# 2.2 Cleaning Data with Pandas

Data cleaning is most of the work when it comes to data analysis. So lets cover the important parts here. Lets load in some data from the Internet Movie Database to clean up and explore.

In [None]:
import pandas as pd
import numpy as np

In [None]:
## CSV File
df = pd.read_csv("../data/imdb.csv")

print("First 30 rows...")
display(df.head(30))

print('info')
df.info()

## Handling Nulls

Looking at the data above, you will see that some columns use the string `\N` to denote a null. Lets replace both of these with an actual `np.nan` null value. We can use df.replace() to do this.


In [None]:
df = df.replace(r'\N', np.nan) # Not the use of a raw string with r'' to avoid having to escape the \ character.
df.head(30)

# Fixing Data Types

Lets look at the documentation for the columns provided by imdb:
- titleType (string) – the type/format of the title (e.g. movie, short, tvseries, tvepisode, video, etc)
- primaryTitle (string) – the more popular title / the title used by the filmmakers on promotional materials at the point of release
- originalTitle (string) - original title, in the original language
- isAdult (boolean) - 0: non-adult title; 1: adult title
- startYear (YYYY) – represents the release year of a title. In the case of TV Series, it is the series start year
- endYear (YYYY) – TV Series end year. ‘\N’ for all other title types
- runtimeMinutes – primary runtime of the title, in minutes
- genres (string array) – includes up to three genres associated with the title
- averageRating – weighted average of all the individual user ratings
- numVotes - number of votes the title has received

If we call df.info() we can get an idea of our datatypes and other info:


In [None]:
df.info()

From this we can see that some columns arent in the format we'd want. runtimeMinutes, startYear and endYear are currently `object` columns, isAdult is a float64 column when it could be a boolean.

Lets fix these:

In [None]:
# Convert isAdult by simply changing its type.
df['isAdult'] = df['isAdult'].astype(bool)

In [None]:
# We can convert string columns to numeric with pd.to_numeric()
df['startYear'] = pd.to_numeric(df['startYear'], errors='coerce') # turn non-numeric records into np.nan
df['endYear'] = pd.to_numeric(df['endYear'], errors='coerce') # turn non-numeric records into np.nan
df['runtimeMinutes'] = pd.to_numeric(df['runtimeMinutes'], errors='coerce') # turn non-numeric records into np.nan

# Check our info again
df.info()

df.head(30)

## Adding columns

We might want to add extra columns to our dataframe. We can do this by assigning a value to a new column name. This can either be a single value or an expression that uses the data in our other columns.

Lets add a decade column based on the startYear column.



In [None]:
# Divide by 10 and round down to get the decade. 
# We can apply np.floor to the result of our division to do the rounding.
df['decade'] = ((df['startYear'] / 10).apply(np.floor) * 10)
df

# Dropping Data

Perhaps we want a nice safe dataset for our instructional class. Lets' drop the adult titles from our dataframe. We can do this with df.drop(). By default it will return a new dataframe with the data we specify dropped, if we use the argument `inplace=True` it will modifiy the dataframe in place without our having to re-assign df to the result. 

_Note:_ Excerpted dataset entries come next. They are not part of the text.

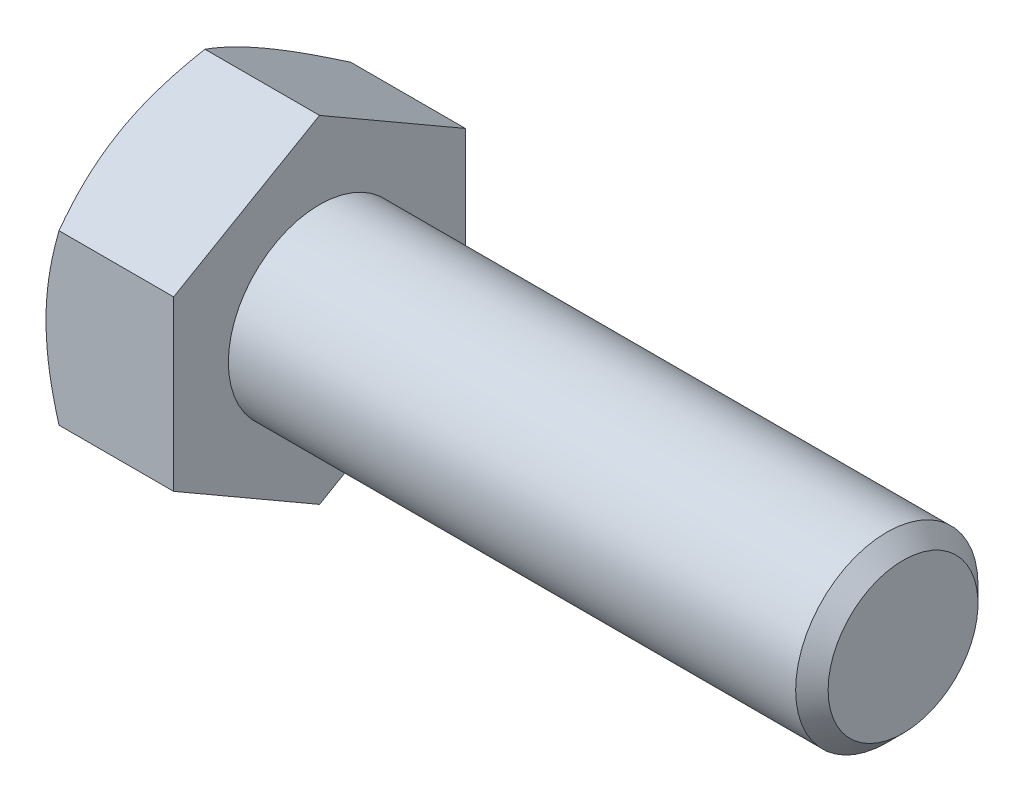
ISO-10303-21;
HEADER;
FILE_DESCRIPTION(('STEP AP214'),'2;1');
FILE_NAME('part.step','',(''),(''),'','','');
FILE_SCHEMA(('AUTOMOTIVE_DESIGN { 1 0 10303 214 1 1 1 1 }'));
ENDSEC;
DATA;
#1=APPLICATION_CONTEXT('core data for automotive mechanical design processes');
#2=APPLICATION_PROTOCOL_DEFINITION('international standard','automotive_design',2000,#1);
#3=PRODUCT_CONTEXT('',#1,'mechanical');
#4=PRODUCT('Part','Part','',(#3));
#5=PRODUCT_RELATED_PRODUCT_CATEGORY('part','',(#4));
#6=PRODUCT_DEFINITION_FORMATION('','',#4);
#7=PRODUCT_DEFINITION_CONTEXT('part definition',#1,'design');
#8=PRODUCT_DEFINITION('design','',#6,#7);
#9=PRODUCT_DEFINITION_SHAPE('','',#8);
#10=(LENGTH_UNIT() NAMED_UNIT(*) SI_UNIT(.MILLI.,.METRE.));
#11=(NAMED_UNIT(*) PLANE_ANGLE_UNIT() SI_UNIT($,.RADIAN.));
#12=(NAMED_UNIT(*) SI_UNIT($,.STERADIAN.) SOLID_ANGLE_UNIT());
#13=UNCERTAINTY_MEASURE_WITH_UNIT(LENGTH_MEASURE(1.E-05),#10,'distance_accuracy_value','');
#14=(GEOMETRIC_REPRESENTATION_CONTEXT(3) GLOBAL_UNCERTAINTY_ASSIGNED_CONTEXT((#13)) GLOBAL_UNIT_ASSIGNED_CONTEXT((#10,
#11,#12)) REPRESENTATION_CONTEXT('',''));
#15=CARTESIAN_POINT('',(0.,0.,0.));
#16=DIRECTION('',(0.,0.,1.));
#17=DIRECTION('',(1.,0.,0.));
#18=AXIS2_PLACEMENT_3D('',#15,#16,#17);
#19=CARTESIAN_POINT('',(0.,4.61880215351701,0.));
#20=DIRECTION('',(1.,0.,0.));
#21=DIRECTION('',(0.,0.,-1.));
#22=AXIS2_PLACEMENT_3D('',#19,#20,#21);
#23=PLANE('',#22);
#24=CARTESIAN_POINT('',(0.,0.,0.));
#25=DIRECTION('',(1.,0.,0.));
#26=DIRECTION('',(0.,0.,-1.));
#27=AXIS2_PLACEMENT_3D('',#24,#25,#26);
#28=CIRCLE('',#27,4.0000000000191);
#29=CARTESIAN_POINT('',(-5.51555329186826E-12,-3.46410161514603,-2.00000000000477));
#30=VERTEX_POINT('',#29);
#31=CARTESIAN_POINT('',(-5.51468593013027E-12,0.,-4.00000000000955));
#32=VERTEX_POINT('',#31);
#33=EDGE_CURVE('E344',#30,#32,#28,.T.);
#34=ORIENTED_EDGE('',*,*,#33,.F.);
#35=CARTESIAN_POINT('',(0.,0.,0.));
#36=DIRECTION('',(1.,0.,0.));
#37=DIRECTION('',(0.,0.,-1.));
#38=AXIS2_PLACEMENT_3D('',#35,#36,#37);
#39=CIRCLE('',#38,4.0000000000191);
#40=CARTESIAN_POINT('',(-5.52943107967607E-12,-3.46410161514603,2.00000000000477));
#41=VERTEX_POINT('',#40);
#42=EDGE_CURVE('E343',#41,#30,#39,.T.);
#43=ORIENTED_EDGE('',*,*,#42,.F.);
#44=CARTESIAN_POINT('',(0.,0.,0.));
#45=DIRECTION('',(1.,0.,0.));
#46=DIRECTION('',(0.,0.,-1.));
#47=AXIS2_PLACEMENT_3D('',#44,#45,#46);
#48=CIRCLE('',#47,4.0000000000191);
#49=CARTESIAN_POINT('',(-5.52682899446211E-12,0.,4.00000000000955));
#50=VERTEX_POINT('',#49);
#51=EDGE_CURVE('E89',#50,#41,#48,.T.);
#52=ORIENTED_EDGE('',*,*,#51,.F.);
#53=CARTESIAN_POINT('',(0.,0.,0.));
#54=DIRECTION('',(1.,0.,0.));
#55=DIRECTION('',(0.,0.,-1.));
#56=AXIS2_PLACEMENT_3D('',#53,#54,#55);
#57=CIRCLE('',#56,4.0000000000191);
#58=CARTESIAN_POINT('',(-5.51034912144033E-12,3.46410161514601,2.00000000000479));
#59=VERTEX_POINT('',#58);
#60=EDGE_CURVE('E87',#59,#50,#57,.T.);
#61=ORIENTED_EDGE('',*,*,#60,.F.);
#62=CARTESIAN_POINT('',(0.,0.,0.));
#63=DIRECTION('',(1.,0.,0.));
#64=DIRECTION('',(0.,0.,-1.));
#65=AXIS2_PLACEMENT_3D('',#62,#63,#64);
#66=CIRCLE('',#65,4.0000000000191);
#67=CARTESIAN_POINT('',(-5.51121648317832E-12,3.46410161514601,-2.00000000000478));
#68=VERTEX_POINT('',#67);
#69=EDGE_CURVE('E20',#68,#59,#66,.T.);
#70=ORIENTED_EDGE('',*,*,#69,.F.);
#71=CARTESIAN_POINT('',(0.,0.,0.));
#72=DIRECTION('',(1.,0.,0.));
#73=DIRECTION('',(0.,0.,-1.));
#74=AXIS2_PLACEMENT_3D('',#71,#72,#73);
#75=CIRCLE('',#74,4.0000000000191);
#76=EDGE_CURVE('E265',#32,#68,#75,.T.);
#77=ORIENTED_EDGE('',*,*,#76,.F.);
#78=EDGE_LOOP('',(#34,#43,#52,#61,#70,#77));
#79=FACE_BOUND('',#78,.T.);
#80=ADVANCED_FACE('F17',(#79),#23,.F.);
#81=CARTESIAN_POINT('',(0.359409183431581,0.,0.));
#82=DIRECTION('',(1.,0.,0.));
#83=DIRECTION('',(0.,0.,-1.));
#84=AXIS2_PLACEMENT_3D('',#81,#82,#83);
#85=CONICAL_SURFACE('',#84,4.62251496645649,1.04719755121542);
#86=CARTESIAN_POINT('',(0.357265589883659,4.61880215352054,6.12357387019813E-12));
#87=CARTESIAN_POINT('',(0.302985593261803,4.52481002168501,-0.162799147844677));
#88=CARTESIAN_POINT('',(0.253255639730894,4.43006516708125,-0.326902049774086));
#89=CARTESIAN_POINT('',(0.165557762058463,4.23974029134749,-0.656554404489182));
#90=CARTESIAN_POINT('',(0.127531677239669,4.14416690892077,-0.822092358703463));
#91=CARTESIAN_POINT('',(0.0808421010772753,3.99990485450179,-1.07196156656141));
#92=CARTESIAN_POINT('',(0.0669981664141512,3.95163526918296,-1.15556694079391));
#93=CARTESIAN_POINT('',(0.0430340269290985,3.85486501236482,-1.32317794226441));
#94=CARTESIAN_POINT('',(0.0329137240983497,3.80636434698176,-1.40718355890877));
#95=CARTESIAN_POINT('',(0.0165746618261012,3.70895253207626,-1.5759057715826));
#96=CARTESIAN_POINT('',(0.0103757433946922,3.66004054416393,-1.66062381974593));
#97=CARTESIAN_POINT('',(0.00207983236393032,3.56212037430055,-1.83022652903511));
#98=CARTESIAN_POINT('',(-1.63478619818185E-05,3.51311217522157,-1.91511121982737));
#99=CARTESIAN_POINT('',(-1.10215656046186E-11,3.46410161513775,-2.));
#100=B_SPLINE_CURVE_WITH_KNOTS('',3,(#86,#87,#88,#89,#90,#91,#92,#93,#94,#95,#96,#97,#98,#99),
.UNSPECIFIED.,.F.,.F.,(4,2,2,2,2,2,4),(0.,0.587229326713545,1.17149154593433,1.4640059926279,
1.75651273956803,2.05048788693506,2.34452123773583),.UNSPECIFIED.);
#101=CARTESIAN_POINT('',(0.357265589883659,4.61880215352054,0.));
#102=VERTEX_POINT('',#101);
#103=EDGE_CURVE('E99',#102,#68,#100,.T.);
#104=ORIENTED_EDGE('',*,*,#103,.T.);
#105=ORIENTED_EDGE('',*,*,#69,.T.);
#106=CARTESIAN_POINT('',(-1.10206982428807E-11,3.46410161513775,2.));
#107=CARTESIAN_POINT('',(-1.63478619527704E-05,3.51311217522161,1.9151112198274));
#108=CARTESIAN_POINT('',(0.00207983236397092,3.5621203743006,1.83022652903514));
#109=CARTESIAN_POINT('',(0.0103757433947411,3.660040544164,1.66062381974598));
#110=CARTESIAN_POINT('',(0.0165746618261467,3.70895253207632,1.57590577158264));
#111=CARTESIAN_POINT('',(0.0329137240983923,3.80636434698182,1.40718355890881));
#112=CARTESIAN_POINT('',(0.0430340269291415,3.85486501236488,1.32317794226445));
#113=CARTESIAN_POINT('',(0.0669981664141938,3.95163526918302,1.15556694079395));
#114=CARTESIAN_POINT('',(0.0808421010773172,3.99990485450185,1.07196156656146));
#115=CARTESIAN_POINT('',(0.127531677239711,4.14416690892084,0.822092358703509));
#116=CARTESIAN_POINT('',(0.165557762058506,4.23974029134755,0.656554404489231));
#117=CARTESIAN_POINT('',(0.253255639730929,4.43006516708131,0.326902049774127));
#118=CARTESIAN_POINT('',(0.302985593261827,4.52481002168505,0.162799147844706));
#119=CARTESIAN_POINT('',(0.357265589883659,4.61880215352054,-6.12357387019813E-12));
#120=B_SPLINE_CURVE_WITH_KNOTS('',3,(#106,#107,#108,#109,#110,#111,#112,#113,#114,#115,#116,
#117,#118,#119),.UNSPECIFIED.,.F.,.F.,(4,2,2,2,2,2,4),(0.,0.294033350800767,0.588008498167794,
0.88051524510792,1.1730296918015,1.75729191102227,2.34452123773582),.UNSPECIFIED.);
#121=EDGE_CURVE('E97',#59,#102,#120,.T.);
#122=ORIENTED_EDGE('',*,*,#121,.T.);
#123=EDGE_LOOP('',(#104,#105,#122));
#124=FACE_BOUND('',#123,.T.);
#125=ADVANCED_FACE('F95',(#124),#85,.T.);
#126=CARTESIAN_POINT('',(0.359409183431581,0.,0.));
#127=DIRECTION('',(1.,0.,0.));
#128=DIRECTION('',(0.,0.,-1.));
#129=AXIS2_PLACEMENT_3D('',#126,#127,#128);
#130=CONICAL_SURFACE('',#129,4.62251496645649,1.04719755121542);
#131=CARTESIAN_POINT('',(0.357265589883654,2.30940107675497,4.00000000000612));
#132=CARTESIAN_POINT('',(0.302985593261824,2.4033932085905,3.83720085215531));
#133=CARTESIAN_POINT('',(0.253255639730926,2.49813806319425,3.6730979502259));
#134=CARTESIAN_POINT('',(0.165557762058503,2.68846293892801,3.3434455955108));
#135=CARTESIAN_POINT('',(0.127531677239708,2.78403632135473,3.17790764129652));
#136=CARTESIAN_POINT('',(0.0808421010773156,2.92829837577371,2.92803843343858));
#137=CARTESIAN_POINT('',(0.0669981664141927,2.97656796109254,2.84443305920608));
#138=CARTESIAN_POINT('',(0.0430340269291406,3.07333821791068,2.67682205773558));
#139=CARTESIAN_POINT('',(0.0329137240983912,3.12183888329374,2.59281644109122));
#140=CARTESIAN_POINT('',(0.0165746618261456,3.21925069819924,2.4240942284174));
#141=CARTESIAN_POINT('',(0.0103757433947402,3.26816268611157,2.33937618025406));
#142=CARTESIAN_POINT('',(0.0020798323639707,3.36608285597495,2.16977347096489));
#143=CARTESIAN_POINT('',(-1.63478619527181E-05,3.41509105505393,2.08488878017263));
#144=CARTESIAN_POINT('',(-1.10206982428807E-11,3.46410161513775,2.));
#145=B_SPLINE_CURVE_WITH_KNOTS('',3,(#131,#132,#133,#134,#135,#136,#137,#138,#139,#140,#141,
#142,#143,#144),.UNSPECIFIED.,.F.,.F.,(4,2,2,2,2,2,4),(0.,0.587229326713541,1.17149154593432,
1.46400599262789,1.75651273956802,2.05048788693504,2.34452123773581),.UNSPECIFIED.);
#146=CARTESIAN_POINT('',(0.357265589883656,2.30940107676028,4.00000000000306));
#147=VERTEX_POINT('',#146);
#148=EDGE_CURVE('E102',#147,#59,#145,.T.);
#149=ORIENTED_EDGE('',*,*,#148,.T.);
#150=ORIENTED_EDGE('',*,*,#60,.T.);
#151=CARTESIAN_POINT('',(-1.10397802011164E-11,0.,4.));
#152=CARTESIAN_POINT('',(-1.63478619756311E-05,0.0980211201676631,4.));
#153=CARTESIAN_POINT('',(0.00207983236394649,0.196037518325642,4.));
#154=CARTESIAN_POINT('',(0.0103757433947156,0.391877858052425,4.));
#155=CARTESIAN_POINT('',(0.0165746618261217,0.489701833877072,4.));
#156=CARTESIAN_POINT('',(0.032913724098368,0.684525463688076,4.));
#157=CARTESIAN_POINT('',(0.0430340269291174,0.781526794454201,4.));
#158=CARTESIAN_POINT('',(0.0669981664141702,0.975067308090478,4.));
#159=CARTESIAN_POINT('',(0.080842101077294,1.07160647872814,4.));
#160=CARTESIAN_POINT('',(0.127531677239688,1.36013058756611,4.));
#161=CARTESIAN_POINT('',(0.165557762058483,1.55127735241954,4.));
#162=CARTESIAN_POINT('',(0.253255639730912,1.93192710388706,4.));
#163=CARTESIAN_POINT('',(0.302985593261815,2.12141681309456,4.));
#164=CARTESIAN_POINT('',(0.357265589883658,2.30940107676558,4.));
#165=B_SPLINE_CURVE_WITH_KNOTS('',3,(#151,#152,#153,#154,#155,#156,#157,#158,#159,#160,#161,
#162,#163,#164),.UNSPECIFIED.,.F.,.F.,(4,2,2,2,2,2,4),(0.,0.29403335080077,0.5880084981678,
0.880515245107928,1.17302969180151,1.75729191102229,2.34452123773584),.UNSPECIFIED.);
#166=EDGE_CURVE('E105',#50,#147,#165,.T.);
#167=ORIENTED_EDGE('',*,*,#166,.T.);
#168=EDGE_LOOP('',(#149,#150,#167));
#169=FACE_BOUND('',#168,.T.);
#170=ADVANCED_FACE('F103',(#169),#130,.T.);
#171=CARTESIAN_POINT('',(0.359409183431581,0.,0.));
#172=DIRECTION('',(1.,0.,0.));
#173=DIRECTION('',(0.,0.,-1.));
#174=AXIS2_PLACEMENT_3D('',#171,#172,#173);
#175=CONICAL_SURFACE('',#174,4.62251496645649,1.04719755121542);
#176=ORIENTED_EDGE('',*,*,#51,.T.);
#177=CARTESIAN_POINT('',(-1.10458517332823E-11,-3.46410161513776,2.));
#178=CARTESIAN_POINT('',(-1.63478619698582E-05,-3.41509105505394,2.08488878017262));
#179=CARTESIAN_POINT('',(0.00207983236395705,-3.36608285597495,2.16977347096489));
#180=CARTESIAN_POINT('',(0.0103757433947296,-3.26816268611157,2.33937618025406));
#181=CARTESIAN_POINT('',(0.0165746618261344,-3.21925069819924,2.4240942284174));
#182=CARTESIAN_POINT('',(0.0329137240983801,-3.12183888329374,2.59281644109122));
#183=CARTESIAN_POINT('',(0.0430340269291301,-3.07333821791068,2.67682205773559));
#184=CARTESIAN_POINT('',(0.0669981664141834,-2.97656796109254,2.84443305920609));
#185=CARTESIAN_POINT('',(0.0808421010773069,-2.92829837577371,2.92803843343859));
#186=CARTESIAN_POINT('',(0.127531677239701,-2.78403632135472,3.17790764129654));
#187=CARTESIAN_POINT('',(0.165557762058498,-2.68846293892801,3.34344559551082));
#188=CARTESIAN_POINT('',(0.253255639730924,-2.49813806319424,3.67309795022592));
#189=CARTESIAN_POINT('',(0.302985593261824,-2.40339320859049,3.83720085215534));
#190=CARTESIAN_POINT('',(0.357265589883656,-2.30940107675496,4.00000000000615));
#191=B_SPLINE_CURVE_WITH_KNOTS('',3,(#177,#178,#179,#180,#181,#182,#183,#184,#185,#186,#187,
#188,#189,#190),.UNSPECIFIED.,.F.,.F.,(4,2,2,2,2,2,4),(0.,0.294033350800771,0.5880084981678,
0.880515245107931,1.17302969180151,1.7572919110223,2.34452123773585),.UNSPECIFIED.);
#192=CARTESIAN_POINT('',(0.357265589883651,-2.30940107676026,4.00000000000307));
#193=VERTEX_POINT('',#192);
#194=EDGE_CURVE('E180',#41,#193,#191,.T.);
#195=ORIENTED_EDGE('',*,*,#194,.T.);
#196=CARTESIAN_POINT('',(0.357265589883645,-2.30940107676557,4.));
#197=CARTESIAN_POINT('',(0.302985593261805,-2.12141681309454,4.));
#198=CARTESIAN_POINT('',(0.253255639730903,-1.93192710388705,4.));
#199=CARTESIAN_POINT('',(0.165557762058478,-1.55127735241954,4.));
#200=CARTESIAN_POINT('',(0.127531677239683,-1.36013058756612,4.));
#201=CARTESIAN_POINT('',(0.080842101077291,-1.07160647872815,4.));
#202=CARTESIAN_POINT('',(0.0669981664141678,-0.975067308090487,4.));
#203=CARTESIAN_POINT('',(0.0430340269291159,-0.781526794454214,4.));
#204=CARTESIAN_POINT('',(0.0329137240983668,-0.684525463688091,4.));
#205=CARTESIAN_POINT('',(0.016574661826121,-0.48970183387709,4.));
#206=CARTESIAN_POINT('',(0.0103757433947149,-0.391877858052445,4.));
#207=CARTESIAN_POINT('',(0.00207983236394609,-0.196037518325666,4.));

Drop takes alist of column or index values to drop from the dataframe.

In [None]:
# Get the index of all the titles we want to drop.
adult = df[df['isAdult'] == True].index

# Drop the data
df.drop(adult, inplace=True)

df

Now that that's dropped all records wheere isAdult is True, we dont really need the column any more.

In [None]:
df.drop(columns='isAdult', inplace=True)
df

That's a good start. We can start to explore the data in the next notebook. Theres a version of this saved already as imdb_clean so you can jump ahead to the next notebook and try that out now.